The aqueous phase, which contains free propofol, is known to be associated with the intensity of pain at the injection site. Yamakage et al.  recommended the use of propofol medium-chain triglyceride (MCT)/long-chain triglyceride (LCT) for reducing pain on injection, because the concentrations of free propofol are significantly smaller by 30-45% than those in propofol LCT. Mallick et al.  reported that premixing 40 mg of lidocaine to Lipuro® propofol (a propofol formulated as an emulsion of 50% MCT and 50% LCT) almost abolishes the pain on injection, making induction of anesthesia less painful compared to Lipuro® propofol alone or Diprivan® propofol (a propofol formulated as an emulsion in a solution of 10% soybean oil containing only LCT) with lidocaine.

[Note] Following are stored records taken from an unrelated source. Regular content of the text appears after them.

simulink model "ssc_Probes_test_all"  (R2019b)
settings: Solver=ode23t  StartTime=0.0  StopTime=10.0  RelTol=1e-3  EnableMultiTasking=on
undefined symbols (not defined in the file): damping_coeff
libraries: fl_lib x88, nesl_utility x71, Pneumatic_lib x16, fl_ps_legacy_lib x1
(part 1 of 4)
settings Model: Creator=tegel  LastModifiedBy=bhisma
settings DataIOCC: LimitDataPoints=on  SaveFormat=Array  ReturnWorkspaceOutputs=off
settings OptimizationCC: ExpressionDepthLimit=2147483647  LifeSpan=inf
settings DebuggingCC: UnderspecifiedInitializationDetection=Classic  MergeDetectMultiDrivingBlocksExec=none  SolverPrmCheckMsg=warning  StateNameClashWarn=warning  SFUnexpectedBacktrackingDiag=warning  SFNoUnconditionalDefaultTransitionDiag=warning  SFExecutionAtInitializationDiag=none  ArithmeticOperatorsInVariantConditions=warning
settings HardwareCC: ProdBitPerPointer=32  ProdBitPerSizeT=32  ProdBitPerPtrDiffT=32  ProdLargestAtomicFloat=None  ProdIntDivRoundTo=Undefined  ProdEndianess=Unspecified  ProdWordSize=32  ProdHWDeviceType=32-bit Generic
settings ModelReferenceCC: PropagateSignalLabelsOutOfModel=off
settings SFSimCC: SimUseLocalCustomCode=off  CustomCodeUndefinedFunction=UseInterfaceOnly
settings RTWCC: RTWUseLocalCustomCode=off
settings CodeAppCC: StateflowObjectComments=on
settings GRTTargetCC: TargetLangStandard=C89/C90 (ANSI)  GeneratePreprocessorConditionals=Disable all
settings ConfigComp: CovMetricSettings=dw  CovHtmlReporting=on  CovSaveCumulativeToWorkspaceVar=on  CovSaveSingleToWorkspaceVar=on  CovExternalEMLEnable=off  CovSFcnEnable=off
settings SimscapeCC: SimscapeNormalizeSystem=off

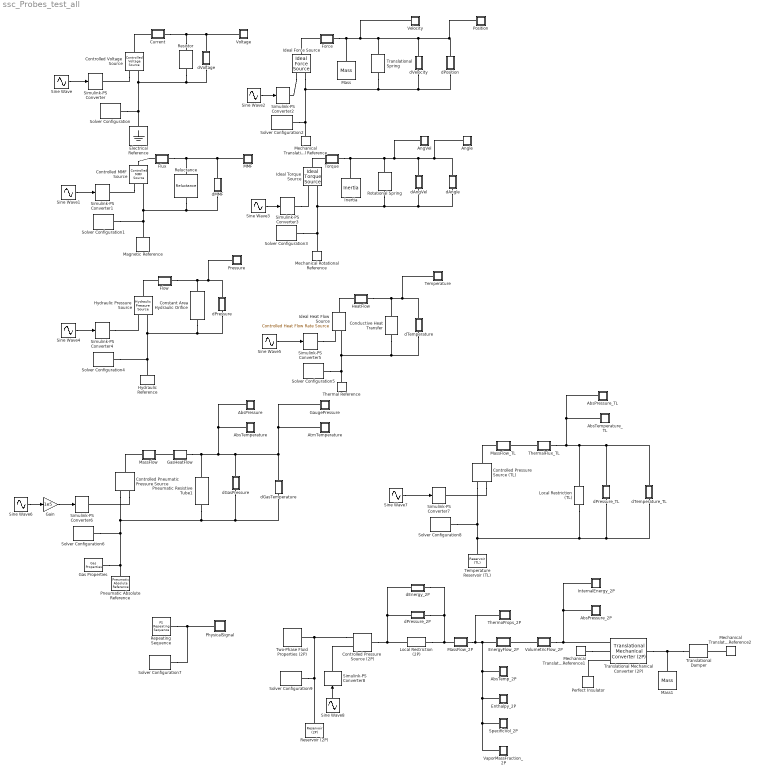
== system ssc_Probes_test_all ==
  AbsPressure : Subsystem  Description=Simscape Probe  InitFcn=|
      | unit=get_param([gcb '/PS-S'],'Unit');                                              
      | set_param(gcb, 'AttributesFormatString', strcat('[', unit,']'));
      mask help: Simscape Probe
      settings: AttributesFormatString=[Pa]
      settings: CopyFcn=|
      | set_param(gcb,'LinkStatus','inactive');
      | set_param(gcb,'LinkStatus','none');
      | set_param([gcb '/Goto'],'GotoTag', [get(gcbh,'name')]);
      | set_param([gcb '/From'],'GotoTag', [get(gcbh,'name')]);
      | h = get_param([gcb, '/PS-S'], 'PortHandles');
      | set(h.Outport(1), 'SignalNameFromLabel', [get(gcbh,'name')])
      | clear h;
      settings: NameChangeFcn=|
      | set_param([gcb '/Goto'],'GotoTag', [get(gcbh,'name')]);
      | set_param([gcb '/From'],'GotoTag', [get(gcbh,'name')]);
      | h = get_param([gcb, '/PS-S'], 'PortHandles');
      | set(h.Outport(1), 'SignalNameFromLabel', [get(gcbh,'name')])
      | clear h;
      settings: OpenFcn=|
      | if exist('logsout', 'var')
      |   vname = get(gcbh,'name');
      |   fHandle = findall(0,'Tag',vname);
      |   if isempty(fHandle)
      |   figure('Tag',vname);
      |   end;
      |   figure(findobj('Tag',vname));
      |   plot(logsout.getElement([gcb, '/PS-S'], '-blockpath').Values)
      |   title(get(gcbh,'name'));
      |   ylabel(['Pressure (' get_param([gcb '/PS-S'],'Unit') ')'] );
      | end
      mask Display: port_label('LConn', 1,'P');
  AbsPressure_2P : Subsystem  Description=Simscape Probe  InitFcn=|
      | unit=get_param([gcb '/PS-S'],'Unit');                                              
      | set_param(gcb, 'AttributesFormatString', strcat('[', unit,']'));
      mask help: Simscape Probe
      settings: AttributesFormatString=[Pa]
      settings: CopyFcn=|
      | set_param(gcb,'LinkStatus','inactive');
      | set_param(gcb,'LinkStatus','none');
      | set_param([gcb '/Goto'],'GotoTag', [get(gcbh,'name')]);
      | set_param([gcb '/From'],'GotoTag', [get(gcbh,'name')]);
      | h = get_param([gcb, '/PS-S'], 'PortHandles');
      | set(h.Outport(1), 'SignalNameFromLabel', [get(gcbh,'name')])
      | clear h;
      settings: NameChangeFcn=|
      | set_param([gcb '/Goto'],'GotoTag', [get(gcbh,'name')]);
      | set_param([gcb '/From'],'GotoTag', [get(gcbh,'name')]);
      | h = get_param([gcb, '/PS-S'], 'PortHandles');
      | set(h.Outport(1), 'SignalNameFromLabel', [get(gcbh,'name')])
      | clear h;
      settings: OpenFcn=|
      | if exist('logsout', 'var')
      |   vname = get(gcbh,'name');
      |   fHandle = findall(0,'Tag',vname);
      |   if isempty(fHandle)
      |   figure('Tag',vname);
      |   end;
      |   figure(findobj('Tag',vname));
      |   plot(logsout.getElement([gcb, '/PS-S'], '-blockpath').Values)
      |   title(get(gcbh,'name'));
      |   ylabel(['Pressure (' get_param([gcb '/PS-S'],'Unit') ')'] );
      | end
      mask Display: port_label('LConn', 1,'P');
  AbsPressure_TL : Subsystem  Description=Simscape Probe  InitFcn=|
      | unit=get_param([gcb '/PS-S'],'Unit');                                              
      | set_param(gcb, 'AttributesFormatString', strcat('[', unit,']'));
      mask help: Simscape Probe
      settings: AttributesFormatString=[Pa]
      settings: CopyFcn=|
      | set_param(gcb,'LinkStatus','inactive');
      | set_param(gcb,'LinkStatus','none');
      | set_param([gcb '/Goto'],'GotoTag', [get(gcbh,'name')]);
      | set_param([gcb '/From'],'GotoTag', [get(gcbh,'name')]);
      | h = get_param([gcb, '/PS-S'], 'PortHandles');
      | set(h.Outport(1), 'SignalNameFromLabel', [get(gcbh,'name')])
      | clear h;
      settings: NameChangeFcn=|
      | set_param([gcb '/Goto'],'GotoTag', [get(gcbh,'name')]);
      | set_param([gcb '/From'],'GotoTag', [get(gcbh,'name')]);
      | h = get_param([gcb, '/PS-S'], 'PortHandles');
      | set(h.Outport(1), 'SignalNameFromLabel', [get(gcbh,'name')])
      | clear h;
      settings: OpenFcn=|
      | if exist('logsout', 'var')
      |   vname = get(gcbh,'name');
      |   fHandle = findall(0,'Tag',vname);
      |   if isempty(fHandle)
      |   figure('Tag',vname);
      |   end;
      |   figure(findobj('Tag',vname));
      |   plot(logsout.getElement([gcb, '/PS-S'], '-blockpath').Values)
      |   title(get(gcbh,'name'));
      |   ylabel(['Pressure (' get_param([gcb '/PS-S'],'Unit') ')'] );
      | end
      mask Display: port_label('LConn', 1,'P');
  AbsTemp_2P : Subsystem  Description=Simscape Probe  InitFcn=|
      | unit=get_param([gcb '/PS-S'],'Unit');                                              
      | set_param(gcb, 'AttributesFormatString', strcat('[', unit,']'));
      mask help: Simscape Probe
      settings: AttributesFormatString=[K]
      settings: CopyFcn=|
      | set_param(gcb,'LinkStatus','inactive');
      | set_param(gcb,'LinkStatus','none');
      | set_param([gcb '/Goto'],'GotoTag', [get(gcbh,'name')]);
      | set_param([gcb '/From'],'GotoTag', [get(gcbh,'name')]);
      | h = get_param([gcb, '/PS-S'], 'PortHandles');
      | set(h.Outport(1), 'SignalNameFromLabel', [get(gcbh,'name')])
      | clear h;
      settings: NameChangeFcn=|
      | set_param([gcb '/Goto'],'GotoTag', [get(gcbh,'name')]);
      | set_param([gcb '/From'],'GotoTag', [get(gcbh,'name')]);
      | h = get_param([gcb, '/PS-S'], 'PortHandles');
      | set(h.Outport(1), 'SignalNameFromLabel', [get(gcbh,'name')])
      | clear h;
      settings: OpenFcn=|
      | if exist('logsout', 'var')
      |   vname = get(gcbh,'name');
      |   fHandle = findall(0,'Tag',vname);
      |   if isempty(fHandle)
      |   figure('Tag',vname);
      |   end;
      |   figure(findobj('Tag',vname));
      |   plot(logsout.getElement([gcb, '/PS-S'], '-blockpath').Values)
      |   title(get(gcbh,'name'));
      |   ylabel(['Temperture (' get_param([gcb '/PS-S'],'Unit') ')'] );
      | end
      mask Display: port_label('LConn', 1,'T');
  AbsTemperature : Subsystem  Description=Simscape Probe  InitFcn=|
      | unit=get_param([gcb '/PS-S'],'Unit');                                              
      | set_param(gcb, 'AttributesFormatString', strcat('[', unit,']'));
      mask help: Simscape Probe
      settings: AttributesFormatString=[K]
      settings: CopyFcn=|
      | set_param(gcb,'LinkStatus','inactive');
      | set_param(gcb,'LinkStatus','none');
      | set_param([gcb '/Goto'],'GotoTag', [get(gcbh,'name')]);
      | set_param([gcb '/From'],'GotoTag', [get(gcbh,'name')]);
      | h = get_param([gcb, '/PS-S'], 'PortHandles');
      | set(h.Outport(1), 'SignalNameFromLabel', [get(gcbh,'name')])
      | clear h;
      settings: NameChangeFcn=|
      | set_param([gcb '/Goto'],'GotoTag', [get(gcbh,'name')]);
      | set_param([gcb '/From'],'GotoTag', [get(gcbh,'name')]);
      | h = get_param([gcb, '/PS-S'], 'PortHandles');
      | set(h.Outport(1), 'SignalNameFromLabel', [get(gcbh,'name')])
      | clear h;
      settings: OpenFcn=|
      | if exist('logsout', 'var')
      |   vname = get(gcbh,'name');
      |   fHandle = findall(0,'Tag',vname);
      |   if isempty(fHandle)
      |   figure('Tag',vname);
      |   end;
      |   figure(findobj('Tag',vname));
      |   plot(logsout.getElement([gcb, '/PS-S'], '-blockpath').Values)
      |   title(get(gcbh,'name'));
      |   ylabel(['Temperature (' get_param([gcb '/PS-S'],'Unit') ')'] );
      | end
      mask Display: port_label('LConn', 1,'T');
  AbsTemperature_TL : Subsystem  Description=Simscape Probe  InitFcn=|
      | unit=get_param([gcb '/PS-S'],'Unit');                                              
      | set_param(gcb, 'AttributesFormatString', strcat('[', unit,']'));
      mask help: Simscape Probe
      settings: AttributesFormatString=[K]
      settings: CopyFcn=|
      | set_param(gcb,'LinkStatus','inactive');
      | set_param(gcb,'LinkStatus','none');
      | set_param([gcb '/Goto'],'GotoTag', [get(gcbh,'name')]);
      | set_param([gcb '/From'],'GotoTag', [get(gcbh,'name')]);
      | h = get_param([gcb, '/PS-S'], 'PortHandles');
      | set(h.Outport(1), 'SignalNameFromLabel', [get(gcbh,'name')])
      | clear h;
      settings: NameChangeFcn=|
      | set_param([gcb '/Goto'],'GotoTag', [get(gcbh,'name')]);
      | set_param([gcb '/From'],'GotoTag', [get(gcbh,'name')]);
      | h = get_param([gcb, '/PS-S'], 'PortHandles');
      | set(h.Outport(1), 'SignalNameFromLabel', [get(gcbh,'name')])
      | clear h;
      settings: OpenFcn=|
      | if exist('logsout', 'var')
      |   vname = get(gcbh,'name');
      |   fHandle = findall(0,'Tag',vname);
      |   if isempty(fHandle)
      |   figure('Tag',vname);
      |   end;
      |   figure(findobj('Tag',vname));
      |   plot(logsout.getElement([gcb, '/PS-S'], '-blockpath').Values)
      |   title(get(gcbh,'name'));
      |   ylabel(['Temperature (' get_param([gcb '/PS-S'],'Unit') ')'] );
      | end
      mask Display: port_label('LConn', 1,'T');
  AngVel : Subsystem  Description=Simscape Probe  InitFcn=|
      | unit=get_param([gcb '/PS-S'],'Unit');                                              
      | set_param(gcb, 'AttributesFormatString', strcat('[', unit,']'));
      mask help: Simscape Probe
      settings: AttributesFormatString=[rad/s]
      settings: CopyFcn=|
      | set_param(gcb,'LinkStatus','inactive');
      | set_param(gcb,'LinkStatus','none');
      | set_param([gcb '/Goto'],'GotoTag', [get(gcbh,'name')]);
      | set_param([gcb '/From'],'GotoTag', [get(gcbh,'name')]);
      | h = get_param([gcb, '/PS-S'], 'PortHandles');
      | set(h.Outport(1), 'SignalNameFromLabel', [get(gcbh,'name')])
      | clear h;
      settings: NameChangeFcn=|
      | set_param([gcb '/Goto'],'GotoTag', [get(gcbh,'name')]);
      | set_param([gcb '/From'],'GotoTag', [get(gcbh,'name')]);
      | h = get_param([gcb, '/PS-S'], 'PortHandles');
      | set(h.Outport(1), 'SignalNameFromLabel', [get(gcbh,'name')])
      | clear h;
      settings: OpenFcn=|
      | if exist('logsout', 'var')
      |   vname = get(gcbh,'name');
      |   fHandle = findall(0,'Tag',vname);
      |   if isempty(fHandle)
      |   figure('Tag',vname);
      |   end;
      |   figure(findobj('Tag',vname));
      |   plot(logsout.getElement([gcb, '/PS-S'], '-blockpath').Values)
      |   title(get(gcbh,'name'));
      |   ylabel(['Anguiar Velocity (' get_param([gcb '/PS-S'],'Unit') ')'] );
      | end
      mask Display: port_label('LConn', 1,'W');
  Angle : Subsystem  Description=Simscape Probe  InitFcn=|
      | unit=get_param([gcb '/PS-S'],'Unit');                                              
      | set_param(gcb, 'AttributesFormatString', strcat('[', unit,']'));
      mask help: Simscape Probe
      settings: AttributesFormatString=[rad]
      settings: CopyFcn=|
      | set_param(gcb,'LinkStatus','inactive');
      | set_param(gcb,'LinkStatus','none');
      | set_param([gcb '/Goto'],'GotoTag', [get(gcbh,'name')]);
      | set_param([gcb '/From'],'GotoTag', [get(gcbh,'name')]);
      | h = get_param([gcb, '/PS-S'], 'PortHandles');
      | set(h.Outport(1), 'SignalNameFromLabel', [get(gcbh,'name')])
      | clear h;
      settings: NameChangeFcn=|
      | set_param([gcb '/Goto'],'GotoTag', [get(gcbh,'name')]);
      | set_param([gcb '/From'],'GotoTag', [get(gcbh,'name')]);
      | h = get_param([gcb, '/PS-S'], 'PortHandles');
      | set(h.Outport(1), 'SignalNameFromLabel', [get(gcbh,'name')])
      | clear h;
      settings: OpenFcn=|
      | if exist('logsout', 'var')
      |   vname = get(gcbh,'name');
      |   fHandle = findall(0,'Tag',vname);
      |   if isempty(fHandle)
      |   figure('Tag',vname);
      |   end;
      |   figure(findobj('Tag',vname));
      |   plot(logsout.getElement([gcb, '/PS-S'], '-blockpath').Values)
      |   title(get(gcbh,'name'));
      |   ylabel(['Angle (' get_param([gcb '/PS-S'],'Unit') ')'] );
      | end
      mask Display: port_label('LConn', 1,'A');
  AtmTemperature : Subsystem  Description=Simscape Probe  InitFcn=|
      | unit=get_param([gcb '/PS-S'],'Unit');                                              
      | set_param(gcb, 'AttributesFormatString', strcat('[', unit,']'));
      mask help: Simscape Probe
      settings: AttributesFormatString=[K]
      settings: CopyFcn=|
      | set_param(gcb,'LinkStatus','inactive');
      | set_param(gcb,'LinkStatus','none');
      | set_param([gcb '/Goto'],'GotoTag', [get(gcbh,'name')]);
      | set_param([gcb '/From'],'GotoTag', [get(gcbh,'name')]);
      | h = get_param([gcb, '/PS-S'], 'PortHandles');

A lipid-free microemulsion propofol (Aquafol®) was developed to avoid the risk of lipid solvent-related adverse drug reactions, and the efficacy and safety are not different from those of Diprivan® . Microemulsion propofol produces more frequent and severe pain on injection than lipid emulsion propofol, a difference that may be attributable to the seven-fold higher concentration of aqueous free propofol . Kim et al.  investigated the effect of a lidocaine mixture on microemulsion propofol injection pain and sought to determine the optimal dose of lidocaine that reduced pain on injection of propofolidocaine mixture. They used 20, 30, and 40 mg lidocaine, and the incidence of pain was 80%, 65%, and 50%, respectively, compared with 97.5% in a control group. Within this lidocaine dose range, increasing the lidocaine dose significantly lessened the pain during injection of microemulsion propofol. However, it is difficult to conclude that 40 mg of lidocaine is an optimal dose because a 50% incidence of injection pain is too high.
Although several single or combination methods with lipid emulsion propofol nearly abolish pain on injection, further studies to search for an effective and safe method to reduce pain on injection, especially with microemulsion propofol, are needed until a better and safer propofol is available for clinical use in the near future.